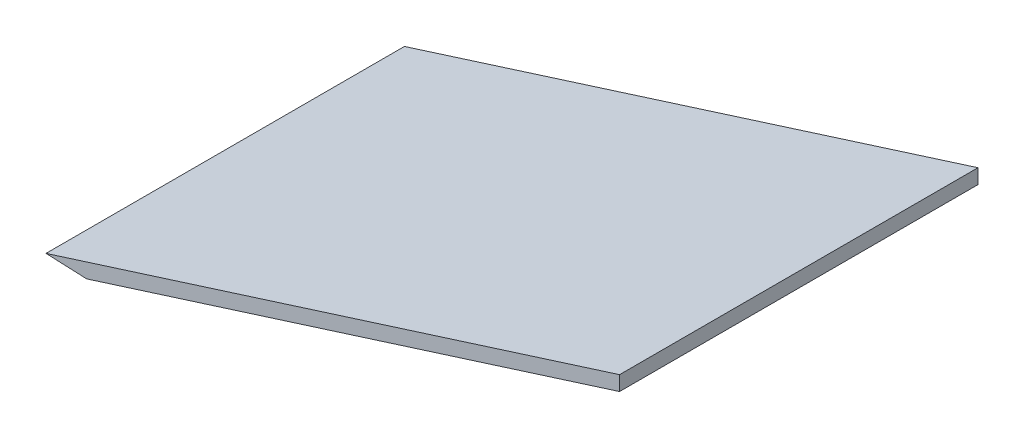
SolidWorks part; units mm, degrees
ref_plane "Front Plane" through (0, 0, 0) normal (0, 0, 1) x (1, 0, 0)
ref_plane "Top Plane" through (0, 0, 0) normal (0, 1, 0) x (1, 0, 0)
ref_plane "Right Plane" through (0, 0, 0) normal (1, 0, 0) x (0, 0, -1)
sketch "Sketch2" plane through (0, 0, 0) normal (0, 0, 1) x (1, 0, 0)
  line L0 (259.1, -157.7714) -> (259.1, -154.6243)
  line L1 (259.1, -157.7714) -> (144.6122, -194.0515)
  line L2 (259.1, -154.6243) -> (135.8826, -193.6708)
  line L6 (135.8826, -193.6708) -> (144.6122, -194.0515)
  line L12 (259.1, -154.6243) -> (259.1001, 3.8232) construction
  line L16 (-17.6214, -76.2978) -> (286.6295, -308.9357) construction
  line L17 (-14.5843, -72.3259) -> (289.6666, -304.9638) construction
  circle A1 centre (277.9804, -217.3514) radius 62.5 construction
  dimension "D1" = 3
extrude "Boss-Extrude1" add sketch "Sketch2" along normal up to surface (77 mm away)
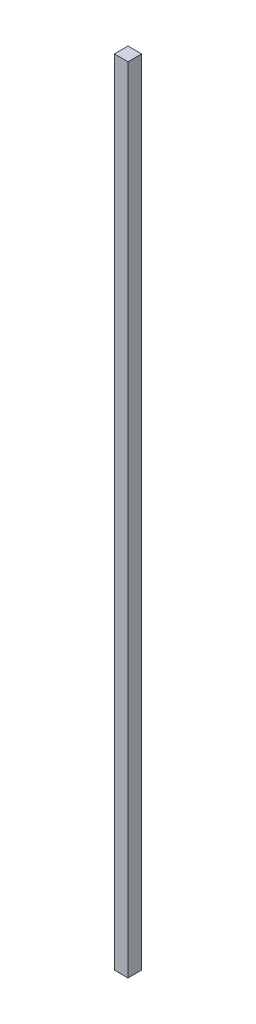
SolidWorks part; units mm, degrees
ref_plane "Plano frontal" through (0, 0, 0) normal (0, 0, 1) x (1, 0, 0)
ref_plane "Plano superior" through (0, 0, 0) normal (0, 1, 0) x (1, 0, 0)
ref_plane "Plano direito" through (0, 0, 0) normal (1, 0, 0) x (0, 0, -1)
sketch "Esboço2" plane through (0, 0, 0) normal (0, 1, 0) x (1, 0, 0)
  line L1 (-50, 29.0761) -> (0, 29.0761)
  line L2 (-50, 29.0761) -> (-50, -20.9239)
  line L3 (-50, -20.9239) -> (0, -20.9239)
  line L4 (0, 29.0761) -> (0, -20.9239)
  dimension "D1" = 50
  dimension "D2" = 50
extrude "Ressalto-extrusão1" add sketch "Esboço2" along normal blind 2900 contours L1 L4 L3 L2

| TASK BRIEF |
Write out word for word every line from the one containing "line L4 (0, 29.0761) -> (0, -20.9239)" through the last line of the data, and no other line.

| RESULT OF THE TASK |
  line L4 (0, 29.0761) -> (0, -20.9239)
  dimension "D1" = 50
  dimension "D2" = 50
extrude "Ressalto-extrusão1" add sketch "Esboço2" along normal blind 2900 contours L1 L4 L3 L2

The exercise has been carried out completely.